> _Task brief_: Below are the records. State how many of their lines contain "matlab", with nothing else.

[Stored data]

━━━━━━━━━━━━━━━━━━━━

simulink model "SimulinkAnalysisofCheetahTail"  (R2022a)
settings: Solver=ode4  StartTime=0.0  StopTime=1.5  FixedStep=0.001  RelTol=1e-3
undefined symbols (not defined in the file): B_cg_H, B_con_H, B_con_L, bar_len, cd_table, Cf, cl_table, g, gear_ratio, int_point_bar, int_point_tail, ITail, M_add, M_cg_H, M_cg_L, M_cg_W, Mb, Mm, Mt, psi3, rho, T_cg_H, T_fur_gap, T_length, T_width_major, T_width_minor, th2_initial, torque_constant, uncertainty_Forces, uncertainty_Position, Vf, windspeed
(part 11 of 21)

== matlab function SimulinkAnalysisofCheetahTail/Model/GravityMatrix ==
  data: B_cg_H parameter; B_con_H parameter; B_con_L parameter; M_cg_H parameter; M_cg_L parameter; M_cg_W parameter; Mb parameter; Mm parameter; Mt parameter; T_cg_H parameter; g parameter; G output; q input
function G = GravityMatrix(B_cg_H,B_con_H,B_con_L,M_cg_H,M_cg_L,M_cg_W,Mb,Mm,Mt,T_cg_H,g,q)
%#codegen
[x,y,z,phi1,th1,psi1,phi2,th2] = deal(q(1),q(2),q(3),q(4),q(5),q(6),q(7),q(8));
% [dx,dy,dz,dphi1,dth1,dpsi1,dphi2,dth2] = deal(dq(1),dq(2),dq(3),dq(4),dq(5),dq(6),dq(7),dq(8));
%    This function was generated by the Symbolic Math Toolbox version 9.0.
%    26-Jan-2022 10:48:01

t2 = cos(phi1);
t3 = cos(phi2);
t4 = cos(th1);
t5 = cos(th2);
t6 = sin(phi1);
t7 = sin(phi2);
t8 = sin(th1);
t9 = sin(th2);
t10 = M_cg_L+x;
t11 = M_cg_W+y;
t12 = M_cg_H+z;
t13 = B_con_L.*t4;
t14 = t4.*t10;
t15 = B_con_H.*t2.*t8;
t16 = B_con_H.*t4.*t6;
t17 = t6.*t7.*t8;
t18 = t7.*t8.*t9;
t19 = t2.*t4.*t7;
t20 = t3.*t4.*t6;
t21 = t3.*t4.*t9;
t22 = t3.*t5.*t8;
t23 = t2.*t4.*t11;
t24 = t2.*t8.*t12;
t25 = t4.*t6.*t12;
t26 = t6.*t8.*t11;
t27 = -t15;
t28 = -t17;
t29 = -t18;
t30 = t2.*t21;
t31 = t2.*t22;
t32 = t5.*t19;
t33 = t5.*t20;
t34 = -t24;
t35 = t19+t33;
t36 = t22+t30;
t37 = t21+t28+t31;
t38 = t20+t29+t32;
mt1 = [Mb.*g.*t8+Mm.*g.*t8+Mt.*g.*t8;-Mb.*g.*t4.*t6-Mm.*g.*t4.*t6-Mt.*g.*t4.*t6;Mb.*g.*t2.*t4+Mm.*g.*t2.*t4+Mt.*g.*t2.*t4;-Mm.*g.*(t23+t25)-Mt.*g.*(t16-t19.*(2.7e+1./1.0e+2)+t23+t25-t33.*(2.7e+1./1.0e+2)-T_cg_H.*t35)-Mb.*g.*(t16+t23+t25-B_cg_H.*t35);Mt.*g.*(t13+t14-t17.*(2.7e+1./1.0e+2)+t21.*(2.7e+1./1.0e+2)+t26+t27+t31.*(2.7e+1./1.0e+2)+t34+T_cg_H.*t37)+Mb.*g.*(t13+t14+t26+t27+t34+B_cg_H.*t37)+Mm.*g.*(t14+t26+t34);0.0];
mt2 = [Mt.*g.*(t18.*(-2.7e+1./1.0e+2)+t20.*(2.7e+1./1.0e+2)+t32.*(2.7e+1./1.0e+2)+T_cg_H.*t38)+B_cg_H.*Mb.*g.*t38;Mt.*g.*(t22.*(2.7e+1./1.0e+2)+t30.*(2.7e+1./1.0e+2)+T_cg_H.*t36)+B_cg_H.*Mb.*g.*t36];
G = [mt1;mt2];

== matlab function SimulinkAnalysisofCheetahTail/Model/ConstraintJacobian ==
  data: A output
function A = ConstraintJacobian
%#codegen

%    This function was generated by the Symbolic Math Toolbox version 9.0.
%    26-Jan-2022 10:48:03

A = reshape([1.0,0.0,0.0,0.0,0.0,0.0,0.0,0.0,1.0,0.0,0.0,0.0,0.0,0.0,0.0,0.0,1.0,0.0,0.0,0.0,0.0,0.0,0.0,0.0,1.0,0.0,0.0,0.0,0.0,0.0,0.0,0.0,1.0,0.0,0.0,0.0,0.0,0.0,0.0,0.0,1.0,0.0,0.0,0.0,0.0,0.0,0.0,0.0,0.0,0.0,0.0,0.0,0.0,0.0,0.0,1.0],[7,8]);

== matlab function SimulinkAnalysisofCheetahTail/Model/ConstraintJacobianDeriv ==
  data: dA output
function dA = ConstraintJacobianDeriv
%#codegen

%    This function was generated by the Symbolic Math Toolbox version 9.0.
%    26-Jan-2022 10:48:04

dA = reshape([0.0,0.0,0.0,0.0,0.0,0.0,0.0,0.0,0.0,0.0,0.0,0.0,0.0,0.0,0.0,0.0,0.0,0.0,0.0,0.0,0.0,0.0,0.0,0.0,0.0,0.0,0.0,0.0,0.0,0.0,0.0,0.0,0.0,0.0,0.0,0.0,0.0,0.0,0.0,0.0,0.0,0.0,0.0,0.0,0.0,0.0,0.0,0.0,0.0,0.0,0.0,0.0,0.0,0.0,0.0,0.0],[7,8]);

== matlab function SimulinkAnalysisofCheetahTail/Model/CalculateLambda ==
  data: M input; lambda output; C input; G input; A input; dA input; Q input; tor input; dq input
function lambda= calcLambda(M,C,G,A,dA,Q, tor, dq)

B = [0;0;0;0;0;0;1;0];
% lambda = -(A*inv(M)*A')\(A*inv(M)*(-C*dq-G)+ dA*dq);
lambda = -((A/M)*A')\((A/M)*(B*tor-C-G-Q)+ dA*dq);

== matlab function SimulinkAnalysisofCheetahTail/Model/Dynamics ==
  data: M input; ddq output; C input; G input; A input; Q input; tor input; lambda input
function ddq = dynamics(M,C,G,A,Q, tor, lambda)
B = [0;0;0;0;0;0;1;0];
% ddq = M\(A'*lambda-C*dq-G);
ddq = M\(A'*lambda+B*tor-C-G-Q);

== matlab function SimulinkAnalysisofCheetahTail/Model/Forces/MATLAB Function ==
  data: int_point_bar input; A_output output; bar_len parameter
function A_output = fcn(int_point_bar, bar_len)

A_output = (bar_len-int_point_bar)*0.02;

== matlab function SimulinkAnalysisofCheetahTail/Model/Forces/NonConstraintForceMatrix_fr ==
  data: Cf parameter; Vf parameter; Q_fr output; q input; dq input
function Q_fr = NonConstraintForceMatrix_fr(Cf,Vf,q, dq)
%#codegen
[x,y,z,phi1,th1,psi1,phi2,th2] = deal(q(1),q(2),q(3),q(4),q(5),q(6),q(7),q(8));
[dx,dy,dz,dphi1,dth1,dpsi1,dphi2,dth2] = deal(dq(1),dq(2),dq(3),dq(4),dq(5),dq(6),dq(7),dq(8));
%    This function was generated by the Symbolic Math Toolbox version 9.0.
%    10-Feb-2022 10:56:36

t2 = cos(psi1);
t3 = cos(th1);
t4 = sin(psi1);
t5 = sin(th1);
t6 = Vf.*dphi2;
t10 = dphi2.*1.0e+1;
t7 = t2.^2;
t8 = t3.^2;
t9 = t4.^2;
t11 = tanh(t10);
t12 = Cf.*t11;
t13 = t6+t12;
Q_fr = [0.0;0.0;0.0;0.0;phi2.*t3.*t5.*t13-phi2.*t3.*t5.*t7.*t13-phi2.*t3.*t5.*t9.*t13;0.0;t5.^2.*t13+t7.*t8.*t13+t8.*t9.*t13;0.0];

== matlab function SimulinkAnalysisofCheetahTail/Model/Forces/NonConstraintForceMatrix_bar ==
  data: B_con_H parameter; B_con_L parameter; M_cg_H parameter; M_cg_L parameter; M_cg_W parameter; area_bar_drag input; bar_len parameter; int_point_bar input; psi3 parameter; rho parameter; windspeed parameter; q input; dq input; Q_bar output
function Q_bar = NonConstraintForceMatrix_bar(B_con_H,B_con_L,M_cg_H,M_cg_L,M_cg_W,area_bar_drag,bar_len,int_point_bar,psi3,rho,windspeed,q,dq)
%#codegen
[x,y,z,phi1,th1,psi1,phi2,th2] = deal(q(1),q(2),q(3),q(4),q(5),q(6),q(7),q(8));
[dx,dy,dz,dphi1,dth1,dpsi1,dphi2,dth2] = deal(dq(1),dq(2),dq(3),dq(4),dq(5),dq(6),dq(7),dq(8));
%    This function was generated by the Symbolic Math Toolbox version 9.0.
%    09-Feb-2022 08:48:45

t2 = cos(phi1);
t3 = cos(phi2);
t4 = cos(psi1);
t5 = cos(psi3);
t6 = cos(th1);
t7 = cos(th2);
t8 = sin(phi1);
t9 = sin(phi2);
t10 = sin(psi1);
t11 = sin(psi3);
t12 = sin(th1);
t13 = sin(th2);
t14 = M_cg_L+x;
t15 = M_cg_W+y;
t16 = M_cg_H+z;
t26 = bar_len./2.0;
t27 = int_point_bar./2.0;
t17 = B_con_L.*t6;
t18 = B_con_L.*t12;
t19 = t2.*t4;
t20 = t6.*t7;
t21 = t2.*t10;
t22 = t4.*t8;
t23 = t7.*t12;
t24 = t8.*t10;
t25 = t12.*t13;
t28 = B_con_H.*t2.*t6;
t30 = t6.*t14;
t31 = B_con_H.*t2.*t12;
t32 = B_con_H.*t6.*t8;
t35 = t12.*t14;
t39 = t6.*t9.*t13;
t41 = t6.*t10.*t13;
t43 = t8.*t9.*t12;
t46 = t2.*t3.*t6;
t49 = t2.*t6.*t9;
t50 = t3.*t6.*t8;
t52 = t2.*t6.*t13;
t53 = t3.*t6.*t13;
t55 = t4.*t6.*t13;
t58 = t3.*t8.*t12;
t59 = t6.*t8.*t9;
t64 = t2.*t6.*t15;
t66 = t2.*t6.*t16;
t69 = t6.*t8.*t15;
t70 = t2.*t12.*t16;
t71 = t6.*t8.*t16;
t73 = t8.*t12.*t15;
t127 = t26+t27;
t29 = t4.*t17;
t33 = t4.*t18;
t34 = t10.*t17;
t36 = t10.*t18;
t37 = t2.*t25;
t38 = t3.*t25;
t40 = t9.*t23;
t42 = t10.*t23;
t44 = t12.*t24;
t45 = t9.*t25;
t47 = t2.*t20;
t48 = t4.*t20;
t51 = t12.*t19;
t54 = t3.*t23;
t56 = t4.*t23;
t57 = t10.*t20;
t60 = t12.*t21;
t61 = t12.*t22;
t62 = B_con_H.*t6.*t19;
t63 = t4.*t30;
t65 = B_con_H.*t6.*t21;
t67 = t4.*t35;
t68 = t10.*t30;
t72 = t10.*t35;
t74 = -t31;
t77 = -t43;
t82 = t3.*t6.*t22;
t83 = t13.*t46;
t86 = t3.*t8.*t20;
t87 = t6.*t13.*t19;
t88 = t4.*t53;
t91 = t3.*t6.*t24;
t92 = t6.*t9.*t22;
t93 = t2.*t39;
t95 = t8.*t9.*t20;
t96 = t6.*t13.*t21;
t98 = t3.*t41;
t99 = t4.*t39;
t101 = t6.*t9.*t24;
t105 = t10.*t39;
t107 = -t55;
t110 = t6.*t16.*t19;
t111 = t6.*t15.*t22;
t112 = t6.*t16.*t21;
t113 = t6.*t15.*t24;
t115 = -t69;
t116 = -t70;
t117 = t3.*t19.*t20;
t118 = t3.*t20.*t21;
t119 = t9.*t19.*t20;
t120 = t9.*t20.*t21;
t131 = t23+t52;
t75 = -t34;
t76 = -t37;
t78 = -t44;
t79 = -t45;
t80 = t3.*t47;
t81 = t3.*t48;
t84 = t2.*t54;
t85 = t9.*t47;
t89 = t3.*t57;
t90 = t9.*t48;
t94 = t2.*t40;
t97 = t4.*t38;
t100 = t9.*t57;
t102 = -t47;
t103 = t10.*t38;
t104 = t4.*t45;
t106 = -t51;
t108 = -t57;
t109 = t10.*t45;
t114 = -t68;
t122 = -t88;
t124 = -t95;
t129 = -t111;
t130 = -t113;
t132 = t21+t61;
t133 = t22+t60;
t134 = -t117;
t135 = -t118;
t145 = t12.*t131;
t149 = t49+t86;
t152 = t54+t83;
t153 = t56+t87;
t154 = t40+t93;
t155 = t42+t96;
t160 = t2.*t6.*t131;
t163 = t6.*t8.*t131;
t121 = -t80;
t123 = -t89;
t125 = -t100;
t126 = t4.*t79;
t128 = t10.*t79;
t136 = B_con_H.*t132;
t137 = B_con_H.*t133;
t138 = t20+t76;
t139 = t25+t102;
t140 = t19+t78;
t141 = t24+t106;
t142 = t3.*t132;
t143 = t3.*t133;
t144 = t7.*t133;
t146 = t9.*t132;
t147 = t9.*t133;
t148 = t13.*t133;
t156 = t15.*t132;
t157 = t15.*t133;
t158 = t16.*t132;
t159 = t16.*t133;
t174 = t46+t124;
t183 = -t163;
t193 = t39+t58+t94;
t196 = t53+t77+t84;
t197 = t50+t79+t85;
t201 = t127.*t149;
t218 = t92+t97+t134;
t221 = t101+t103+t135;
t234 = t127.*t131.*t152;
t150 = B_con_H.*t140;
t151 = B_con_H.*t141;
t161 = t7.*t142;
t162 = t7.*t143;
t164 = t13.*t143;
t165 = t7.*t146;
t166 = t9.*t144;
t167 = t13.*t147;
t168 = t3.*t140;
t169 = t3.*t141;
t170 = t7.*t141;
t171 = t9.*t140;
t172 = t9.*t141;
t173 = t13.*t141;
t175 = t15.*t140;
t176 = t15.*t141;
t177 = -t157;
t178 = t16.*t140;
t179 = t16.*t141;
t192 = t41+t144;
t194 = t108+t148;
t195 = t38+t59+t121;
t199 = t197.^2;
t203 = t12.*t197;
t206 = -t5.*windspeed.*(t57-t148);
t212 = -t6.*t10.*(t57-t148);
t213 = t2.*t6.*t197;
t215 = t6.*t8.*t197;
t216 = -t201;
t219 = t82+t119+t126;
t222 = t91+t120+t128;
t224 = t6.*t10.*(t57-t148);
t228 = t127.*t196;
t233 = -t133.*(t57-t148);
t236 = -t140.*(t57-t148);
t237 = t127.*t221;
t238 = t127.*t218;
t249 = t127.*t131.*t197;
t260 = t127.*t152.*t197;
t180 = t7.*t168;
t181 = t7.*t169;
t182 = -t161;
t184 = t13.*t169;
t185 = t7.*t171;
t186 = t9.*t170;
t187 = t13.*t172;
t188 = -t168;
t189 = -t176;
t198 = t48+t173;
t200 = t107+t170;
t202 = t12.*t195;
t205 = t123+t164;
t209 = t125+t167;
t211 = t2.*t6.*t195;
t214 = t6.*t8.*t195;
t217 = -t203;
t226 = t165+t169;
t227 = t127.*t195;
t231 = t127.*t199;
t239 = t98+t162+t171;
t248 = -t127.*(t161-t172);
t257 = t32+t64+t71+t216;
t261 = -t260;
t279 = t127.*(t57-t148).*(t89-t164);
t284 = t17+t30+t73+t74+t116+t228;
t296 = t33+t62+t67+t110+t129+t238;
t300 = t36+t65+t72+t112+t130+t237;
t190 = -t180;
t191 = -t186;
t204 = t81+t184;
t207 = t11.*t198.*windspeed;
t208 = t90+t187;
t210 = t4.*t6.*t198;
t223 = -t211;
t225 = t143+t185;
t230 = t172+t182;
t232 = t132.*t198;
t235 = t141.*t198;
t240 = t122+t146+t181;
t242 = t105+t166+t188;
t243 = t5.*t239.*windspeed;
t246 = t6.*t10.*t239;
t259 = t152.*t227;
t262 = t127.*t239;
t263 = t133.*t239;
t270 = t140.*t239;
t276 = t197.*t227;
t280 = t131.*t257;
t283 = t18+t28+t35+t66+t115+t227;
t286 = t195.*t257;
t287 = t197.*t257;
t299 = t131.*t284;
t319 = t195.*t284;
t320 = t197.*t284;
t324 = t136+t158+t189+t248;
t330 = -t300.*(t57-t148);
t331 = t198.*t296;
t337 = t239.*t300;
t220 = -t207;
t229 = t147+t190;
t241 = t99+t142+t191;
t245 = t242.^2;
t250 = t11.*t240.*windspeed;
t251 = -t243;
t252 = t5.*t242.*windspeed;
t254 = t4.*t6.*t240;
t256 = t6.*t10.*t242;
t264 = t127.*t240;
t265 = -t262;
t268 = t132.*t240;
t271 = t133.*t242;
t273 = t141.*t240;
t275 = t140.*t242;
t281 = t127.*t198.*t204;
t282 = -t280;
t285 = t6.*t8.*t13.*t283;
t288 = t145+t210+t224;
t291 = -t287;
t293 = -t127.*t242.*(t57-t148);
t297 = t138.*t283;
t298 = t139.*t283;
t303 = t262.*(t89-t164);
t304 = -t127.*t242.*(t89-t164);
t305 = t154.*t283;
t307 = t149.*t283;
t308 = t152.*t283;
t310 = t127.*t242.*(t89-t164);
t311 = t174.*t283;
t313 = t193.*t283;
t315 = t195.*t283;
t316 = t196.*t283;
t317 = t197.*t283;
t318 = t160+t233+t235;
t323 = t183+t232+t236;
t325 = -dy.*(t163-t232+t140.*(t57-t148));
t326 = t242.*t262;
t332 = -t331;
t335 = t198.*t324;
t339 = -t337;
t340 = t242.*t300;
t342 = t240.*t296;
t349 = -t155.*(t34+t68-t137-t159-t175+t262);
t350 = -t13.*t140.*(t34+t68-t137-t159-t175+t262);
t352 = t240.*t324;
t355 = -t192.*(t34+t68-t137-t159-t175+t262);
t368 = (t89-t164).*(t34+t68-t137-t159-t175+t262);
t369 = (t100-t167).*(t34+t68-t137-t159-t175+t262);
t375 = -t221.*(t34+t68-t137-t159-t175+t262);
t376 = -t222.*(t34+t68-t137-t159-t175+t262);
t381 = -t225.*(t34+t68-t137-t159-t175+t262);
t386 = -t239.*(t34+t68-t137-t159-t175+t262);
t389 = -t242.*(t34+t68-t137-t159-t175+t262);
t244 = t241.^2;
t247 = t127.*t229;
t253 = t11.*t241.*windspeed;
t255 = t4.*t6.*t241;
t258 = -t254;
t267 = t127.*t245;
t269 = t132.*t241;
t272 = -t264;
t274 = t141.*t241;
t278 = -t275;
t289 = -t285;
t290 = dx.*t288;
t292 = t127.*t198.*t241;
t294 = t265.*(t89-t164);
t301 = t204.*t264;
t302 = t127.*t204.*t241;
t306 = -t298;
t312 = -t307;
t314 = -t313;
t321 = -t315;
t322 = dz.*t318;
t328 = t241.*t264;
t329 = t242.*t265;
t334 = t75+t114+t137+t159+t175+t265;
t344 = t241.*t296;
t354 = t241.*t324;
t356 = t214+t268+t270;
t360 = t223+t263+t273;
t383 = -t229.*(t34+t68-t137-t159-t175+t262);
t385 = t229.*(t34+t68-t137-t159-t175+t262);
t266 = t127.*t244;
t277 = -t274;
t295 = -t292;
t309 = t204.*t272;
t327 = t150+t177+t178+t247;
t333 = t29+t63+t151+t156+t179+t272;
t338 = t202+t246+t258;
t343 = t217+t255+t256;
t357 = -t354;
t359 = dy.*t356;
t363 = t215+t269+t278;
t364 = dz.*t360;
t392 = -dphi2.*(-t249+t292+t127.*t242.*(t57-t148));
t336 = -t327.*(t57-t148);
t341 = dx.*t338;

━━━━━━━━━━━━━━━━━━━━

> _Solution for this exercise_: 8